Mais ici il s'agit d'un des textes de la toute fin de ce que l'on pourrait appeler le premier Crowley, celui qui n'a pas encore atteint la véritable plénitude de sa dimension magicke. Son recueil le Rodin In Rime reste encore tributaire des influences mythographiques de l'Ariel Shelleyen et des Phares Baudelairiens, le poëte entrevu en tant que démiurge capable d'avoir par ses proférations une influence, une action efficiente, sur le monde.

Rien de plus dissemblable que les personnalités de Crowley et Rodin, mais la rencontre eut lieu. Et Rodin ne fut pas le moins intéressé. Crowley lui offrit - ce que les musiciens se permettaient en mettant en musique les vers des poëtes – mais selon une synesthésie plus rare, transmuter en vers les sculptures. Réduire le volume, en lignes. Vénus callipyge transformée en traits de lettres. Rodin désignait le lieu, Crowley écrivit la formule. Du coup Auguste donna plusieurs de ses dessins pour illustrer quelque peu la forme des vers. Orgueil Crowleyen. Rodin et le dieu de la Bible avaient eu besoin de glaise pour pétrir le corps de l'homme et de la femme. Crowley n'eut la nécessité que de quelques gouttes d'encre. Crowley renversait les tables de la loi, Qui peut le moins, peut le plus. Inversion des valeurs avait annoncé Nietzsche. Rien à voir à voir avec la qualité qui primerait sur la quantité. Plutôt la force magicke, la volonté d'abstraire l'esprit de l'argile terrestre. Rodin arrachait le mouvement, au marbre et au métal, Crowley tatoue d'étranges rituels d'exhaussement de la chair humaine. Dans les deux cas il ne s'agissait pas de donner vie à la matière inerte mais de la reprendre. Ce qu'un Dieu a fait, l'artiste peut le défaire. Il s'agit de savoir regarder et de savoir lire. Ce qui n'est pas donné à tout le monde.
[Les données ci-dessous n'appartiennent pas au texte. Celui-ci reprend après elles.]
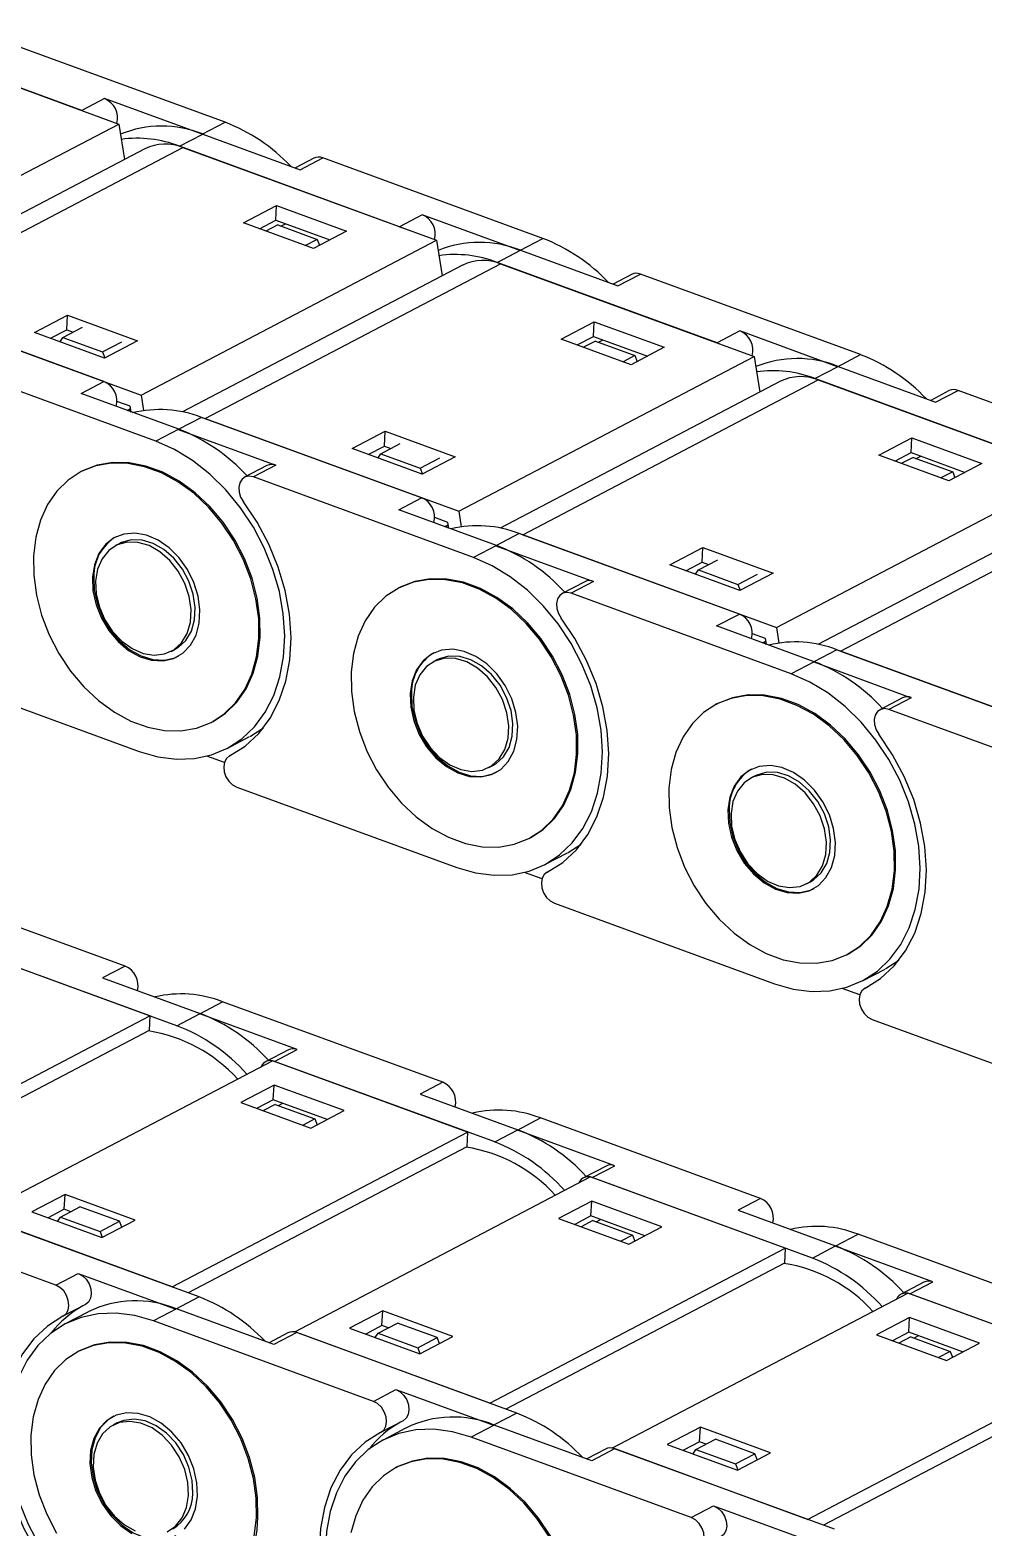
# Model space of a CAD drawing. Header units: millimetres. Extents: x 0 to 279, y 0 to 216.
# Drawn here: x 45.09 to 67.02, y 155.17 to 189.62 of the extents above; entities that cross this region are included whole.
import ezdxf

# ---------------------------------------------------------------- set-up
doc = ezdxf.new("R2010")
doc.units = ezdxf.units.MM

msp = doc.modelspace()

# ---------------------------------------------------------------- linework, layer by layer
at = {"color": 7, "linetype": 'Continuous', "lineweight": 25}
for p, q in [((46.283, 187.769), (41.218, 189.622)), ((41.297, 189.59), (47.131, 187.456)), ((49.58, 187.498), (44.515, 189.351)), ((46.806, 188.043), (46.283, 187.769)), ((46.283, 187.769), (46.322, 187.752)), ((49.052, 187.221), (46.806, 188.043)), ((40.334, 183.893), (47.131, 187.456)), ((47.131, 187.456), (47.263, 186.638)), ((49.052, 187.221), (49.58, 187.498)), ((48.529, 186.947), (49.064, 187.227)), ((49.064, 187.227), (51.31, 186.406)), ((47.736, 186.886), (41.289, 183.506)), ((41.811, 183.352), (48.608, 186.916)), ((53.595, 185.094), (48.529, 186.947)), ((48.608, 186.916), (54.443, 184.782)), ((51.621, 186.669), (51.197, 186.447)), ((51.31, 186.406), (51.826, 186.676)), ((56.892, 184.824), (51.826, 186.676)), ((50.001, 185.182), (50.763, 185.582)), ((50.745, 185.243), (50.763, 185.582)), ((50.763, 185.582), (52.376, 184.992)), ((54.117, 185.368), (53.595, 185.094)), ((56.363, 184.547), (54.117, 185.368)), ((51.613, 184.593), (50.001, 185.182)), ((50.372, 185.047), (50.745, 185.243)), ((50.791, 185.135), (50.52, 184.993)), ((50.745, 185.243), (51.987, 184.788)), ((50.791, 185.135), (51.701, 184.802)), ((50.865, 185.108), (50.967, 185.161)), ((53.595, 185.094), (53.633, 185.078)), ((47.645, 181.218), (54.443, 184.782)), ((51.701, 184.802), (51.43, 184.66)), ((52.376, 184.992), (51.613, 184.593)), ((51.701, 184.802), (51.752, 184.665)), ((54.443, 184.782), (54.574, 183.963)), ((56.363, 184.547), (56.892, 184.824)), ((55.841, 184.273), (56.375, 184.553)), ((56.375, 184.553), (58.621, 183.731)), ((55.047, 184.212), (48.6, 180.831)), ((49.122, 180.678), (55.92, 184.241)), ((60.906, 182.42), (55.841, 184.273)), ((55.92, 184.241), (61.754, 182.107)), ((58.932, 183.995), (58.508, 183.773)), ((58.621, 183.731), (59.138, 184.002)), ((64.203, 182.149), (59.138, 184.002)), ((46.792, 181.528), (41.726, 183.381)), ((41.811, 183.352), (47.645, 181.218)), ((45.191, 182.661), (45.954, 183.061)), ((45.936, 182.721), (45.954, 183.061)), ((45.954, 183.061), (47.566, 182.471)), ((46.804, 182.071), (45.191, 182.661)), ((45.562, 182.525), (45.936, 182.721)), ((45.849, 182.544), (46.297, 182.779)), ((45.936, 182.721), (46.084, 182.667)), ((57.312, 182.508), (58.075, 182.908)), ((58.056, 182.568), (58.075, 182.908)), ((58.075, 182.908), (59.687, 182.318)), ((61.428, 182.694), (60.906, 182.42)), ((63.674, 181.872), (61.428, 182.694)), ((45.783, 182.445), (45.849, 182.544)), ((45.849, 182.544), (46.759, 182.211)), ((46.759, 182.211), (47.207, 182.446)), ((47.566, 182.471), (46.804, 182.071)), ((58.924, 181.918), (57.312, 182.508)), ((57.683, 182.372), (58.056, 182.568)), ((58.102, 182.46), (57.831, 182.318)), ((58.056, 182.568), (59.298, 182.114)), ((58.102, 182.46), (59.012, 182.128)), ((58.176, 182.433), (58.278, 182.487)), ((59.687, 182.318), (58.924, 181.918)), ((60.906, 182.42), (60.944, 182.403)), ((47.987, 180.155), (42.922, 182.008)), ((46.759, 182.211), (46.81, 182.075)), ((54.957, 178.544), (61.754, 182.107)), ((59.012, 182.128), (58.741, 181.985)), ((59.012, 182.128), (59.063, 181.991)), ((61.754, 182.107), (61.885, 181.289)), ((63.674, 181.872), (64.203, 182.149)), ((56.434, 178.003), (63.231, 181.567)), ((63.152, 181.598), (63.686, 181.878)), ((68.217, 179.745), (63.152, 181.598)), ((63.231, 181.567), (69.065, 179.433)), ((63.686, 181.878), (65.932, 181.057)), ((46.269, 181.254), (46.792, 181.528)), ((48.515, 180.432), (46.269, 181.254)), ((62.359, 181.537), (55.911, 178.157)), ((66.244, 181.321), (65.819, 181.098)), ((65.932, 181.057), (66.449, 181.327)), ((71.514, 179.475), (66.449, 181.327)), ((47.395, 180.964), (47.092, 181.074)), ((47.326, 180.867), (47.404, 180.908)), ((47.35, 180.88), (47.416, 180.831)), ((47.415, 180.835), (47.395, 180.964)), ((47.645, 181.218), (47.703, 180.862)), ((49.038, 180.706), (48.503, 180.426)), ((54.103, 178.853), (49.038, 180.706)), ((49.043, 180.704), (49.122, 180.678)), ((49.122, 180.678), (54.957, 178.544)), ((48.515, 180.432), (47.987, 180.155)), ((48.503, 180.426), (50.749, 179.604)), ((52.503, 179.986), (53.265, 180.386)), ((53.247, 180.047), (53.265, 180.386)), ((53.265, 180.386), (54.877, 179.796)), ((64.623, 179.833), (65.386, 180.233)), ((65.368, 179.894), (65.386, 180.233)), ((65.386, 180.233), (66.998, 179.643)), ((54.115, 179.397), (52.503, 179.986)), ((52.873, 179.851), (53.247, 180.047)), ((53.094, 179.77), (53.161, 179.87)), ((53.161, 179.87), (53.608, 180.104)), ((53.161, 179.87), (54.071, 179.537)), ((53.247, 180.047), (53.395, 179.992)), ((64.994, 179.698), (65.368, 179.894)), ((65.368, 179.894), (66.609, 179.439)), ((50.544, 179.597), (50.028, 179.327)), ((50.749, 179.604), (50.233, 179.334)), ((54.071, 179.537), (54.518, 179.771)), ((54.071, 179.537), (54.121, 179.4)), ((54.877, 179.796), (54.115, 179.397)), ((66.236, 179.244), (64.623, 179.833)), ((65.414, 179.786), (65.142, 179.644)), ((65.414, 179.786), (66.324, 179.453)), ((65.487, 179.759), (65.589, 179.812)), ((66.998, 179.643), (66.236, 179.244)), ((46.285, 179.466), (46.255, 179.451)), ((55.298, 177.481), (50.233, 179.334)), ((62.268, 175.869), (69.065, 179.433)), ((66.324, 179.453), (66.052, 179.311)), ((66.324, 179.453), (66.374, 179.316)), ((53.58, 178.579), (54.103, 178.853)), ((69.67, 178.863), (63.222, 175.482)), ((63.745, 175.329), (70.542, 178.892)), ((55.826, 177.758), (53.58, 178.579)), ((54.957, 178.544), (55.014, 178.187)), ((54.706, 178.289), (54.403, 178.4)), ((54.637, 178.193), (54.715, 178.233)), ((54.661, 178.205), (54.718, 178.163)), ((54.727, 178.16), (54.706, 178.289)), ((47.156, 177.806), (47.06, 177.755)), ((56.349, 178.032), (55.814, 177.751)), ((61.414, 176.179), (56.349, 178.032)), ((56.354, 178.03), (56.434, 178.003)), ((56.434, 178.003), (62.268, 175.869)), ((55.826, 177.758), (55.298, 177.481)), ((55.814, 177.751), (58.061, 176.93)), ((59.814, 177.312), (60.576, 177.712)), ((60.558, 177.372), (60.576, 177.712)), ((60.576, 177.712), (62.189, 177.122)), ((61.426, 176.722), (59.814, 177.312)), ((60.185, 177.176), (60.558, 177.372)), ((60.406, 177.096), (60.472, 177.195)), ((60.472, 177.195), (60.919, 177.43)), ((60.472, 177.195), (61.382, 176.862)), ((60.558, 177.372), (60.706, 177.318)), ((61.382, 176.862), (61.829, 177.097)), ((62.189, 177.122), (61.426, 176.722)), ((53.596, 176.792), (53.566, 176.776)), ((57.855, 176.923), (57.339, 176.652)), ((58.061, 176.93), (57.544, 176.659)), ((61.382, 176.862), (61.433, 176.726)), ((62.609, 174.806), (57.544, 176.659)), ((60.892, 175.905), (61.414, 176.179)), ((63.138, 175.083), (60.892, 175.905)), ((62.017, 175.615), (61.714, 175.725)), ((62.268, 175.869), (62.325, 175.513)), ((48.337, 175.32), (48.433, 175.37)), ((61.949, 175.518), (62.026, 175.559)), ((61.973, 175.531), (62.029, 175.489)), ((62.038, 175.486), (62.017, 175.615)), ((54.467, 175.131), (54.371, 175.081)), ((63.138, 175.083), (62.609, 174.806)), ((63.66, 175.357), (63.126, 175.077)), ((63.126, 175.077), (65.372, 174.255)), ((68.725, 173.504), (63.66, 175.357)), ((63.666, 175.355), (63.745, 175.329)), ((63.745, 175.329), (69.579, 173.195)), ((42.536, 174.873), (47.602, 173.02)), ((60.908, 174.117), (60.878, 174.102)), ((65.167, 174.248), (64.65, 173.978)), ((65.372, 174.255), (64.855, 173.985)), ((49.273, 173.694), (49.303, 173.709)), ((69.921, 172.132), (64.855, 173.985)), ((49.628, 173.089), (50.145, 173.36)), ((49.563, 172.763), (49.16, 172.91)), ((49.739, 172.945), (49.684, 172.916)), ((55.648, 172.645), (55.744, 172.696)), ((61.778, 172.457), (61.682, 172.406)), ((49.848, 172.199), (54.913, 170.346)), ((56.585, 171.019), (56.615, 171.035)), ((56.94, 170.415), (57.456, 170.686)), ((56.874, 170.088), (56.471, 170.236)), ((57.051, 170.27), (56.995, 170.241)), ((47.277, 168.079), (42.212, 169.932)), ((62.959, 169.971), (63.055, 170.021)), ((57.159, 169.524), (62.224, 167.671)), ((47.847, 166.933), (43.356, 168.575)), ((48.473, 166.707), (43.407, 168.559)), ((63.896, 168.345), (63.926, 168.36)), ((47.277, 168.079), (46.761, 167.808)), ((46.761, 167.808), (49.007, 166.987)), ((64.251, 167.74), (64.767, 168.011)), ((64.185, 167.414), (63.782, 167.561)), ((64.362, 167.596), (64.307, 167.567)), ((48.995, 166.98), (49.523, 167.257)), ((54.589, 165.405), (49.523, 167.257)), ((41.05, 163.369), (47.847, 166.933)), ((47.847, 166.933), (47.829, 166.593)), ((48.473, 166.707), (49.007, 166.987)), ((51.241, 166.159), (48.995, 166.98)), ((64.47, 166.85), (69.535, 164.997)), ((47.829, 166.593), (41.418, 163.232)), ((51.036, 166.152), (50.513, 165.878)), ((50.719, 165.885), (51.241, 166.159)), ((43.87, 162.338), (50.668, 165.901)), ((55.158, 164.258), (50.668, 165.901)), ((55.784, 164.032), (50.719, 165.885)), ((54.589, 165.405), (54.072, 165.134)), ((50.707, 165.342), (49.944, 164.942)), ((50.688, 165.002), (50.707, 165.342)), ((52.319, 164.752), (50.707, 165.342)), ((54.072, 165.134), (56.318, 164.312)), ((49.944, 164.942), (51.556, 164.352)), ((50.688, 165.002), (50.315, 164.806)), ((50.734, 164.894), (50.463, 164.752)), ((51.93, 164.548), (50.688, 165.002)), ((50.734, 164.894), (51.644, 164.561)), ((50.808, 164.867), (50.91, 164.921)), ((51.556, 164.352), (52.319, 164.752)), ((51.644, 164.561), (51.373, 164.419)), ((51.644, 164.561), (51.695, 164.425)), ((56.306, 164.306), (56.835, 164.583)), ((61.9, 162.73), (56.835, 164.583)), ((48.361, 160.695), (55.158, 164.258)), ((55.158, 164.258), (55.14, 163.919)), ((55.784, 164.032), (56.318, 164.312)), ((58.552, 163.484), (56.306, 164.306)), ((55.14, 163.919), (48.729, 160.558)), ((58.347, 163.477), (57.825, 163.204)), ((58.03, 163.211), (58.552, 163.484)), ((51.182, 159.663), (57.979, 163.227)), ((62.47, 161.584), (57.979, 163.227)), ((63.095, 161.358), (58.03, 163.211)), ((45.897, 162.82), (45.134, 162.42)), ((45.879, 162.481), (45.897, 162.82)), ((47.509, 162.23), (45.897, 162.82)), ((58.018, 162.667), (57.255, 162.267)), ((58, 162.328), (58.018, 162.667)), ((59.63, 162.077), (58.018, 162.667)), ((61.9, 162.73), (61.384, 162.459)), ((45.684, 160.736), (40.619, 162.589)), ((48.361, 160.695), (43.87, 162.338)), ((48.981, 160.466), (43.916, 162.318)), ((45.134, 162.42), (46.747, 161.831)), ((45.879, 162.481), (45.505, 162.285)), ((45.726, 162.204), (45.793, 162.304)), ((45.793, 162.304), (46.24, 162.538)), ((45.793, 162.304), (46.702, 161.971)), ((46.027, 162.426), (45.879, 162.481)), ((47.15, 162.205), (46.24, 162.538)), ((58, 162.328), (57.626, 162.132)), ((59.241, 161.873), (58, 162.328)), ((61.384, 162.459), (63.63, 161.638)), ((46.702, 161.971), (47.15, 162.205)), ((46.702, 161.971), (46.753, 161.834)), ((46.747, 161.831), (47.509, 162.23)), ((47.201, 162.069), (47.15, 162.205)), ((57.255, 162.267), (58.868, 161.678)), ((58.046, 162.22), (57.774, 162.078)), ((58.046, 162.22), (58.955, 161.887)), ((58.119, 162.193), (58.221, 162.246)), ((58.868, 161.678), (59.63, 162.077)), ((55.672, 158.02), (62.47, 161.584)), ((58.955, 161.887), (58.684, 161.745)), ((58.955, 161.887), (59.006, 161.75)), ((62.47, 161.584), (62.451, 161.244)), ((63.095, 161.358), (63.63, 161.638)), ((63.618, 161.631), (64.146, 161.908)), ((65.864, 160.81), (63.618, 161.631)), ((69.211, 160.056), (64.146, 161.908)), ((62.451, 161.244), (56.04, 157.883)), ((45.684, 160.736), (46.2, 161.007)), ((46.2, 161.007), (48.446, 160.185)), ((48.361, 160.695), (48.361, 160.692)), ((58.493, 156.989), (65.29, 160.552)), ((65.658, 160.803), (65.136, 160.529)), ((69.781, 158.909), (65.29, 160.552)), ((65.341, 160.536), (65.864, 160.81)), ((46.364, 160.29), (45.847, 160.019)), ((48.981, 160.466), (48.446, 160.185)), ((70.406, 158.683), (65.341, 160.536)), ((46.42, 160.116), (45.903, 159.846)), ((48.458, 160.192), (47.93, 159.915)), ((52.995, 158.062), (47.93, 159.915)), ((50.704, 159.37), (48.458, 160.192)), ((53.208, 160.146), (52.446, 159.746)), ((53.104, 159.629), (53.551, 159.864)), ((53.19, 159.806), (53.208, 160.146)), ((54.821, 159.556), (53.208, 160.146)), ((54.461, 159.531), (53.551, 159.864)), ((65.329, 159.993), (64.567, 159.593)), ((65.311, 159.653), (65.329, 159.993)), ((66.941, 159.403), (65.329, 159.993)), ((51.022, 159.637), (50.591, 159.411)), ((51.227, 159.644), (50.704, 159.37)), ((51.182, 159.663), (51.18, 159.657)), ((55.672, 158.02), (51.182, 159.663)), ((56.292, 157.791), (51.227, 159.644)), ((52.446, 159.746), (54.058, 159.156)), ((53.19, 159.806), (52.816, 159.61)), ((53.037, 159.529), (53.104, 159.629)), ((53.104, 159.629), (54.014, 159.296)), ((53.338, 159.752), (53.19, 159.806)), ((54.014, 159.296), (54.461, 159.531)), ((54.058, 159.156), (54.821, 159.556)), ((54.512, 159.394), (54.461, 159.531)), ((64.567, 159.593), (66.179, 159.003)), ((65.311, 159.653), (64.937, 159.457)), ((65.357, 159.545), (65.085, 159.403)), ((66.552, 159.199), (65.311, 159.653)), ((65.357, 159.545), (66.267, 159.212)), ((65.431, 159.518), (65.533, 159.572)), ((46.228, 159.226), (46.198, 159.21)), ((54.014, 159.296), (54.065, 159.16)), ((66.267, 159.212), (65.995, 159.07)), ((66.179, 159.003), (66.941, 159.403)), ((66.267, 159.212), (66.318, 159.076)), ((62.984, 155.346), (69.781, 158.909)), ((69.763, 158.57), (63.351, 155.209)), ((52.995, 158.062), (53.512, 158.333)), ((53.512, 158.333), (55.758, 157.511)), ((55.672, 158.02), (55.672, 158.018)), ((47.099, 157.565), (47.003, 157.515)), ((53.675, 157.616), (53.159, 157.345)), ((55.77, 157.517), (55.241, 157.24)), ((56.292, 157.791), (55.758, 157.511)), ((58.016, 156.696), (55.77, 157.517)), ((60.52, 157.471), (59.757, 157.071)), ((60.501, 157.132), (60.52, 157.471)), ((62.132, 156.881), (60.52, 157.471)), ((53.731, 157.442), (53.215, 157.171)), ((60.306, 155.387), (55.241, 157.24)), ((60.501, 157.132), (60.128, 156.936)), ((60.415, 156.955), (60.862, 157.189)), ((60.649, 157.077), (60.501, 157.132)), ((61.772, 156.856), (60.862, 157.189)), ((58.333, 156.962), (57.903, 156.737)), ((58.538, 156.969), (58.016, 156.696)), ((58.493, 156.989), (58.491, 156.983)), ((62.984, 155.346), (58.493, 156.989)), ((63.603, 155.117), (58.538, 156.969)), ((59.757, 157.071), (61.369, 156.482)), ((60.349, 156.855), (60.415, 156.955)), ((60.415, 156.955), (61.325, 156.622)), ((61.325, 156.622), (61.772, 156.856)), ((61.369, 156.482), (62.132, 156.881)), ((61.823, 156.72), (61.772, 156.856)), ((53.54, 156.551), (53.51, 156.535)), ((61.325, 156.622), (61.376, 156.485)), ((60.306, 155.387), (60.823, 155.658)), ((60.823, 155.658), (63.069, 154.836)), ((62.984, 155.346), (62.984, 155.343))]:
    msp.add_line(p, q, dxfattribs=at)
at = {"color": 7, "linetype": 'Continuous', "lineweight": 25, "flags": 128}
for points in [[(47.602, 173.02), (48.033, 172.897), (48.459, 172.842), (48.874, 172.856), (49.268, 172.941), (49.635, 173.093), (49.967, 173.31), (50.259, 173.588), (50.505, 173.923), (50.7, 174.307), (50.842, 174.733), (50.927, 175.194), (50.953, 175.681), (50.92, 176.185), (50.829, 176.696), (50.682, 177.205), (50.481, 177.703), (50.23, 178.18), (49.933, 178.627), (49.597, 179.037), (49.227, 179.4), (48.83, 179.712), (48.414, 179.965), (47.987, 180.155)], [(45.17, 177.521), (45.176, 177.073), (45.239, 176.614), (45.358, 176.154), (45.532, 175.703), (45.755, 175.271), (46.023, 174.869), (46.33, 174.505), (46.669, 174.187), (47.033, 173.922), (47.412, 173.716), (47.8, 173.574), (48.187, 173.499), (48.564, 173.493), (48.924, 173.556), (49.258, 173.686), (49.558, 173.88), (49.818, 174.135), (50.033, 174.444), (50.196, 174.8), (50.306, 175.196), (50.358, 175.623), (50.353, 176.071), (50.29, 176.531), (50.17, 176.991), (49.997, 177.442), (49.774, 177.873), (49.505, 178.275), (49.198, 178.64), (48.859, 178.958), (48.496, 179.223), (48.116, 179.428), (47.728, 179.57), (47.341, 179.645), (46.964, 179.651), (46.604, 179.589), (46.271, 179.459), (45.97, 179.264), (45.71, 179.01), (45.496, 178.701), (45.332, 178.344), (45.223, 177.948), (45.17, 177.521)], [(49.303, 173.709), (49.588, 173.896), (49.848, 174.15), (50.063, 174.459), (50.226, 174.816), (50.336, 175.212), (50.388, 175.639), (50.383, 176.087), (50.32, 176.546), (50.2, 177.006), (50.027, 177.457), (49.804, 177.889), (49.535, 178.291), (49.228, 178.655), (48.889, 178.973), (48.526, 179.238), (48.146, 179.444), (47.758, 179.586), (47.371, 179.661), (46.994, 179.667), (46.634, 179.604), (46.301, 179.474), (46.285, 179.466)], [(50.233, 179.334), (50.135, 179.352), (50.044, 179.335), (49.97, 179.283), (49.918, 179.202), (49.895, 179.099), (49.901, 178.984), (49.937, 178.868), (50, 178.762)], [(49.684, 172.916), (50.04, 173.14), (50.353, 173.431), (50.617, 173.782), (50.827, 174.187), (50.978, 174.638), (51.069, 175.127), (51.097, 175.643), (51.061, 176.178), (50.963, 176.72), (50.805, 177.26), (50.588, 177.787), (50.318, 178.291), (50, 178.762)], [(46.527, 177.025), (46.54, 176.713), (46.61, 176.395), (46.734, 176.085), (46.906, 175.798), (47.118, 175.547), (47.36, 175.344), (47.622, 175.199), (47.89, 175.117), (48.152, 175.104), (48.396, 175.16), (48.61, 175.281), (48.785, 175.463), (48.912, 175.696), (48.986, 175.971), (49.002, 176.274), (48.961, 176.59), (48.863, 176.906), (48.714, 177.206), (48.521, 177.477), (48.292, 177.705), (48.039, 177.88), (47.773, 177.994), (47.506, 178.042), (47.251, 178.021), (47.021, 177.932), (46.825, 177.78), (46.673, 177.571), (46.572, 177.315), (46.527, 177.025)], [(46.601, 176.939), (46.615, 176.642), (46.687, 176.339), (46.814, 176.047), (46.989, 175.781), (47.202, 175.556), (47.442, 175.384), (47.695, 175.274), (47.949, 175.233), (48.189, 175.261), (48.403, 175.359), (48.578, 175.52), (48.707, 175.736), (48.78, 175.995), (48.796, 176.283), (48.752, 176.585), (48.652, 176.884), (48.5, 177.165), (48.305, 177.412), (48.077, 177.612), (47.829, 177.754), (47.574, 177.83), (47.325, 177.837), (47.097, 177.773), (46.901, 177.643), (46.748, 177.454), (46.646, 177.215), (46.601, 176.939)], [(48.433, 175.37), (48.499, 175.409), (48.674, 175.57), (48.803, 175.786), (48.877, 176.045), (48.892, 176.333), (48.848, 176.635), (48.748, 176.935), (48.596, 177.216), (48.401, 177.463), (48.173, 177.662), (47.925, 177.804), (47.67, 177.881), (47.421, 177.887), (47.193, 177.824), (47.156, 177.806)], [(54.913, 170.346), (55.344, 170.222), (55.771, 170.167), (56.185, 170.182), (56.579, 170.266), (56.946, 170.418), (57.278, 170.636), (57.57, 170.914), (57.816, 171.248), (58.012, 171.632), (58.153, 172.058), (58.238, 172.519), (58.264, 173.006), (58.232, 173.51), (58.141, 174.021), (57.993, 174.531), (57.792, 175.028), (57.541, 175.505), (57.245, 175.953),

Vous avez de la chance. Philippe Pissier s'est chargé de traduire le Rodin in Rime de Crowley, une translation scrpituraire, en Le Dit de Rodin, qui d'autre que lui aurait pu se charger de ciseler ce travail d'orfèvre ! L'a déjà donné, en douce et docte langue françoise, la traduction la plus exacte de la plupart des traités les plus importants de la Bête. N'oubliez jamais que la robe d'écarlate de la prostituée de l'Apocalypse et la pourpre impérieuse de la plus haute poésie, sont toutes d'eux, une seule et même couleur, initiatique et alchimique.

Un livre qui ne manquera pas d'interroger les amateurs de rock. Car cette musique est avant tout affaire de sens et de volume. Et de puissance.

Damie Chad.

Elégant volume de 158 pages disponible aux Editions de l'Arachnoïde, www.arackno.org, et dans toutes les bonnes librairies. 21 Euros. Le Dit de Rodin avec sept lithographies de Clot d'après les aquarelles d'Auguste Rodin. Traduction française de Philippe Pissier agrémentée de quatre appendices de documents rares et inédits, et précédée de 49 Toasts pour un siècle qui s'éloigne, d'André Murcie ( aka Damie Chad ).

Lecture indispensable pour tous les fans de Led Zeppelin et de metal.